### ASSIGNMENT:
Starting with the line containing "#110=VERTEX_POINT('',#109);" and going on through the line containing "#119=ORIENTED_EDGE('',*,*,#79,.T.);", return the lines of the data below exactly, and only those.

Data extracted from a collection:
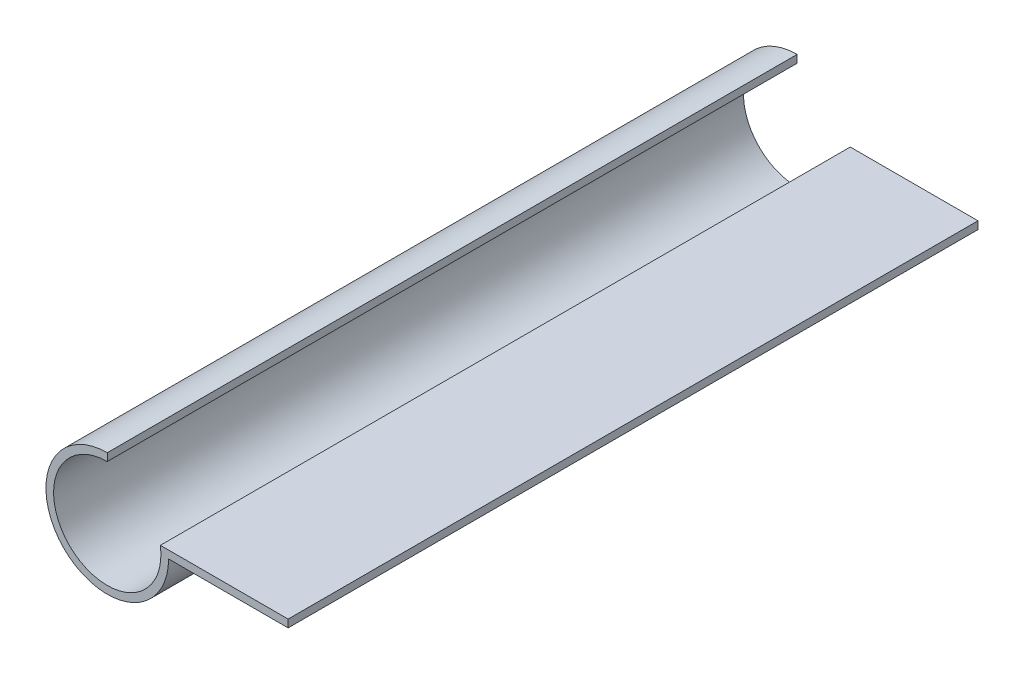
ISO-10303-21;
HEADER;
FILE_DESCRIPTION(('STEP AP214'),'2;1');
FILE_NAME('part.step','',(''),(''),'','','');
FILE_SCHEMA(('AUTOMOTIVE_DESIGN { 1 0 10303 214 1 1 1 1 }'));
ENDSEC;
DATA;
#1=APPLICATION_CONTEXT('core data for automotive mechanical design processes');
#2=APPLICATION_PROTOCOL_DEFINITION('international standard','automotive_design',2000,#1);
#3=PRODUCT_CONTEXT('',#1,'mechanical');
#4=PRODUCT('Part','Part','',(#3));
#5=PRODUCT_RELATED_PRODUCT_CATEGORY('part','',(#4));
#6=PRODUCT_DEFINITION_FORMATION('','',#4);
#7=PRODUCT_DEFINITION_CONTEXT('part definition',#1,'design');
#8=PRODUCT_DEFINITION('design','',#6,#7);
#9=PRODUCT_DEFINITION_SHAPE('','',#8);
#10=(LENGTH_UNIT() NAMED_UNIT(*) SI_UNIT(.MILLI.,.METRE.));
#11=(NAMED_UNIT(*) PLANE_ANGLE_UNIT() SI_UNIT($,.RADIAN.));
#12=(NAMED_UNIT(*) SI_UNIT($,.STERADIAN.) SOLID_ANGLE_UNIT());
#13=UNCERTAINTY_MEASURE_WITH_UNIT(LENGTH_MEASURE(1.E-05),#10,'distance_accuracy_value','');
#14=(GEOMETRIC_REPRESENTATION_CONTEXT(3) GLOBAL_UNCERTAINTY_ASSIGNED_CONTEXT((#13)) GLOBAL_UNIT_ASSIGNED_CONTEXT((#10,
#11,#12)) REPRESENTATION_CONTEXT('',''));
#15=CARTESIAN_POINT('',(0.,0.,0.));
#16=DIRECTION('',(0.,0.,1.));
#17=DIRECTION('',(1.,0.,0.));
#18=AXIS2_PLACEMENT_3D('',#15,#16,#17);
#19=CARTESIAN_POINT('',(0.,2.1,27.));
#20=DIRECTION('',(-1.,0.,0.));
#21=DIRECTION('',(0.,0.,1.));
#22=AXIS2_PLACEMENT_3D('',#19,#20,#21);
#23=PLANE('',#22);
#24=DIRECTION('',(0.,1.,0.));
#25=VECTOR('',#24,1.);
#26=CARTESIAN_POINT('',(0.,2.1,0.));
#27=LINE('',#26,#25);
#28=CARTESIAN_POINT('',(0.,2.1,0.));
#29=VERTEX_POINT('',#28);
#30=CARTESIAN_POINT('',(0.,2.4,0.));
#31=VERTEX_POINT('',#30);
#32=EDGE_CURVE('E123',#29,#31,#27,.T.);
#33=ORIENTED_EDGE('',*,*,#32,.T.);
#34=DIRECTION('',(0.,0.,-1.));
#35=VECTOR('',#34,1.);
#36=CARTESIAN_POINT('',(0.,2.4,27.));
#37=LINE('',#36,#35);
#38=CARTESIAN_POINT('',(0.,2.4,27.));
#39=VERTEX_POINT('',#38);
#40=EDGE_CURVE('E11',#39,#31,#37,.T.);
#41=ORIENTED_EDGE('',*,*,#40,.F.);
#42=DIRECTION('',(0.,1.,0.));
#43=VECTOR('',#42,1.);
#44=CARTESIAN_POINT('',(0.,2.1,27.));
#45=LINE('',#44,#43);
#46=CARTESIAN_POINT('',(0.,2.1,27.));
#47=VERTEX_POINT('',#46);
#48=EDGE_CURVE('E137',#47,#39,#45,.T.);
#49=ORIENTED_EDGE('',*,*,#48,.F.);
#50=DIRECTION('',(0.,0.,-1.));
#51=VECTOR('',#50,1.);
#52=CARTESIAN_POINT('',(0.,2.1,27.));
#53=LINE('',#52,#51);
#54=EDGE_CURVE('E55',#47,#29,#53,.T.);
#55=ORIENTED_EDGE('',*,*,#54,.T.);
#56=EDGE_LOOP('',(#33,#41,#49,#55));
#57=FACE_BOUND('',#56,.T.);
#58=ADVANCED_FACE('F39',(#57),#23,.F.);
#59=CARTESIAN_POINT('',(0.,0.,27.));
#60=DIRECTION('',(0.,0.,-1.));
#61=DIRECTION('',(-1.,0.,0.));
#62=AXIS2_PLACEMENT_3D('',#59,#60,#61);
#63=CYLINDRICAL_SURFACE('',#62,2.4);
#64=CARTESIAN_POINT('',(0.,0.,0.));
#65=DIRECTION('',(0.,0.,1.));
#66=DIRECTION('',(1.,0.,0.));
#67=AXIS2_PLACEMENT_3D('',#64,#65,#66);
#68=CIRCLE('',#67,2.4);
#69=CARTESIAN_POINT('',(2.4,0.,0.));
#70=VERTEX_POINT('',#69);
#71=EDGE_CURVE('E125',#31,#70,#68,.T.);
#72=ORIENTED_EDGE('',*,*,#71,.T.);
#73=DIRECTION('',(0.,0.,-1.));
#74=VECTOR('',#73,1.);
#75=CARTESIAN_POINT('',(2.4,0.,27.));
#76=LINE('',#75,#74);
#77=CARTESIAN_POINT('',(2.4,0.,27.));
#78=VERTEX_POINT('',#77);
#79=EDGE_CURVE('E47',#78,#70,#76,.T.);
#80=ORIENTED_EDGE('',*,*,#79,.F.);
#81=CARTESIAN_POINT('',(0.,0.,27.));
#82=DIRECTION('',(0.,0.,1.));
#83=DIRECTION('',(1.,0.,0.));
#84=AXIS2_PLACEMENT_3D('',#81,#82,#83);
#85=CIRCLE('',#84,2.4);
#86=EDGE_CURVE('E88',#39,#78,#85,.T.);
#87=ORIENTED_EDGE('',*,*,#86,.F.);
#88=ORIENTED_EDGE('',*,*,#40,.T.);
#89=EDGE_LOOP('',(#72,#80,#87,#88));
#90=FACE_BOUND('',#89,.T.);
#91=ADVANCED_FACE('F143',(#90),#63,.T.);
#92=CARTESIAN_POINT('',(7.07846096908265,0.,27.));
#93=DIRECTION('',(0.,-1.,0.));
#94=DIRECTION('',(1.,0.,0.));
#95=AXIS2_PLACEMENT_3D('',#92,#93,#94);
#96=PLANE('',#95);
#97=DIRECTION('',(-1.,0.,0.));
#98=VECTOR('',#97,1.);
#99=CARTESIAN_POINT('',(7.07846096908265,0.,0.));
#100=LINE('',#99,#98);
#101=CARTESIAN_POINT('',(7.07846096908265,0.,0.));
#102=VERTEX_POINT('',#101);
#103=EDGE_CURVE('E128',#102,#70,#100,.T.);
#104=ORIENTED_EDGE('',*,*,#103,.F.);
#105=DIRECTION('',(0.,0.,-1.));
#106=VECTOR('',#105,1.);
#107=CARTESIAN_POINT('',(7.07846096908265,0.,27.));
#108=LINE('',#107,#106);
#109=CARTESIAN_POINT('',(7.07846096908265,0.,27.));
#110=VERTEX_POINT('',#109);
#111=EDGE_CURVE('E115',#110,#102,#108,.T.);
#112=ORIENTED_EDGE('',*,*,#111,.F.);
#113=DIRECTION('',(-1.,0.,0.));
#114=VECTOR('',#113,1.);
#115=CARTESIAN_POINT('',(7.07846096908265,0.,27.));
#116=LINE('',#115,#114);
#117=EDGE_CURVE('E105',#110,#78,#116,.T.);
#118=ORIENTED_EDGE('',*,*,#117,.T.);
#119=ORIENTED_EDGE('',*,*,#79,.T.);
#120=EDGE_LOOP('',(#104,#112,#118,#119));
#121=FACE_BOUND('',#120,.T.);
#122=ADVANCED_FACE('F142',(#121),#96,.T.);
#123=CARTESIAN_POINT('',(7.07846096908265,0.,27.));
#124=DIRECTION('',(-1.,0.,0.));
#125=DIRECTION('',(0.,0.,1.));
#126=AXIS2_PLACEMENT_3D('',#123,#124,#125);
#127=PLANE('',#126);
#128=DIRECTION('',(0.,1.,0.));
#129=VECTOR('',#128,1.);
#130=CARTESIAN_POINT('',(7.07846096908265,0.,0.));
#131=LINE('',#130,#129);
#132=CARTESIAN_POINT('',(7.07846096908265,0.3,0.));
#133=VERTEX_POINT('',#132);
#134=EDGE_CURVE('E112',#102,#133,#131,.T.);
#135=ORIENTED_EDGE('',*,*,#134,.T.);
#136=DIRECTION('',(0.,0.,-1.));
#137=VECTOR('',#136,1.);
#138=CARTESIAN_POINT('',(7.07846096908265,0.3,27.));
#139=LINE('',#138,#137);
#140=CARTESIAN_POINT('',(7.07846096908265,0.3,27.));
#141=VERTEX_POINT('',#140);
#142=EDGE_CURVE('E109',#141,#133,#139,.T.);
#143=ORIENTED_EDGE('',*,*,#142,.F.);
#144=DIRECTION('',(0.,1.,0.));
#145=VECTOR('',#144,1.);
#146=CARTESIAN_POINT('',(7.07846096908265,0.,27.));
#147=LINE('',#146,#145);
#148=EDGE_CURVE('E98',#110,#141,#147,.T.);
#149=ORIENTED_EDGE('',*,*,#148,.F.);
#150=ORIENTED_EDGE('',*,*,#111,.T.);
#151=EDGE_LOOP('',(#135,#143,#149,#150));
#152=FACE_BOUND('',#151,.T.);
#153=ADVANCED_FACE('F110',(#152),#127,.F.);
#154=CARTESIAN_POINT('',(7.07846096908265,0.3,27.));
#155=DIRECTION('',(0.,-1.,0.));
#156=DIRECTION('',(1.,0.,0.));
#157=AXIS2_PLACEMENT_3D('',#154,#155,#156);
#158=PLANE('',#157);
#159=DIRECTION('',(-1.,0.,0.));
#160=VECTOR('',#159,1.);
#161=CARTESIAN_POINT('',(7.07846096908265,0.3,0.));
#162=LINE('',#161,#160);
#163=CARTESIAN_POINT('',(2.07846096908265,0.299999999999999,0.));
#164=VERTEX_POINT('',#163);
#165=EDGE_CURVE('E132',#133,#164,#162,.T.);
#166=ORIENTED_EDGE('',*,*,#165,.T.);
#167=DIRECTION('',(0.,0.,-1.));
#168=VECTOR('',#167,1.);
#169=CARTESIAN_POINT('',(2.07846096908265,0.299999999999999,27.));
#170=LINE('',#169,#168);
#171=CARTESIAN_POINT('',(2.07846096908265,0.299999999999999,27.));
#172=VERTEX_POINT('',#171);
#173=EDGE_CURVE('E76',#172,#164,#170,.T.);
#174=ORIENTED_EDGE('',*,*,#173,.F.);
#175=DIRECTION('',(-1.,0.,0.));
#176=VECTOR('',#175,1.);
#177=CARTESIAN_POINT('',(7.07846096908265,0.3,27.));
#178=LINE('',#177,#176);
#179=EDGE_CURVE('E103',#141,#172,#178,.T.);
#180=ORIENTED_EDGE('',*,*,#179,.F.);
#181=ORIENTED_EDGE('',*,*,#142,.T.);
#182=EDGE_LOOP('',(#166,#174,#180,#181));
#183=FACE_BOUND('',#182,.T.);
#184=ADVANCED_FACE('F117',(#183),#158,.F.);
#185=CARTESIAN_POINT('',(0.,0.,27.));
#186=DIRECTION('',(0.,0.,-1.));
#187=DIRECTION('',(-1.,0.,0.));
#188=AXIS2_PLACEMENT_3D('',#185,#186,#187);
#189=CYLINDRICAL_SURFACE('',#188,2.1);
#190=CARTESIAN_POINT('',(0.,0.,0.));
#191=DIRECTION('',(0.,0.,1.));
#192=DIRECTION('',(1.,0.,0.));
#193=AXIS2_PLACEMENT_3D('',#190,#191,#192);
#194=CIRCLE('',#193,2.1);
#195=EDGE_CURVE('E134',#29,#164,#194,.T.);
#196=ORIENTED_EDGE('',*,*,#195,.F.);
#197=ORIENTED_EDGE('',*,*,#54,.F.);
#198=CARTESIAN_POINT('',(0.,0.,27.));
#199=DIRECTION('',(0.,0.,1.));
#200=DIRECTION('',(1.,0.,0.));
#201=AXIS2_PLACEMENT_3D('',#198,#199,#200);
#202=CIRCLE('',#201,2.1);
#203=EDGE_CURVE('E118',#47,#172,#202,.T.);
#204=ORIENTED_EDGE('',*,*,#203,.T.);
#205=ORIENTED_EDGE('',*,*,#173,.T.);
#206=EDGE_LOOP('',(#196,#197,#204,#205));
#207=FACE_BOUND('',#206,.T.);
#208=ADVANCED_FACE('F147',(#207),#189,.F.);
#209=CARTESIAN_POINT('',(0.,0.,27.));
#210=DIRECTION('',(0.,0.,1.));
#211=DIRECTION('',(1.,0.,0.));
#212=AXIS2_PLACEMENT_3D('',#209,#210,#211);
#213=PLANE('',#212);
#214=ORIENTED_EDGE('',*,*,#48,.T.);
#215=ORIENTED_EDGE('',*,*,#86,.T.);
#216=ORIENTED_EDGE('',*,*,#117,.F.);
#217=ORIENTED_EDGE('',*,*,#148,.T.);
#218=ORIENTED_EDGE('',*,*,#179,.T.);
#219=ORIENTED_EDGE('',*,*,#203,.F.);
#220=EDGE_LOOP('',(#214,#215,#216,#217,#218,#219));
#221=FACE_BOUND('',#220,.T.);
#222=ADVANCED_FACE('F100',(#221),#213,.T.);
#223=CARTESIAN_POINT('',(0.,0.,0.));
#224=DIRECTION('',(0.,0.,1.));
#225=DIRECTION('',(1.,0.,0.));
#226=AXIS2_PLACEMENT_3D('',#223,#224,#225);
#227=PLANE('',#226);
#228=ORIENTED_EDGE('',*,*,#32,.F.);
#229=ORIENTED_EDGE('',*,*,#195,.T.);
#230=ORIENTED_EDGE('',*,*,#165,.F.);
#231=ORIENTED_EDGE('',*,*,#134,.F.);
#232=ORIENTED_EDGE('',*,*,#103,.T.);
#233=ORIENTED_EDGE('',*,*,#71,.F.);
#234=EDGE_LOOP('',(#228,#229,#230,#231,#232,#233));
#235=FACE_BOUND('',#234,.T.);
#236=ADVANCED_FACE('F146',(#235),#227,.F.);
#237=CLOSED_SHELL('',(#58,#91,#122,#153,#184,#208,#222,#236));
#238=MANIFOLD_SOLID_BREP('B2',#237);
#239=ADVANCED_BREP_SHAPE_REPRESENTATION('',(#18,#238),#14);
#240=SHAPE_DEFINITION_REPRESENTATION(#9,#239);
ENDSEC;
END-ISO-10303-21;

### REPLY:
#110=VERTEX_POINT('',#109);
#111=EDGE_CURVE('E115',#110,#102,#108,.T.);
#112=ORIENTED_EDGE('',*,*,#111,.F.);
#113=DIRECTION('',(-1.,0.,0.));
#114=VECTOR('',#113,1.);
#115=CARTESIAN_POINT('',(7.07846096908265,0.,27.));
#116=LINE('',#115,#114);
#117=EDGE_CURVE('E105',#110,#78,#116,.T.);
#118=ORIENTED_EDGE('',*,*,#117,.T.);
#119=ORIENTED_EDGE('',*,*,#79,.T.);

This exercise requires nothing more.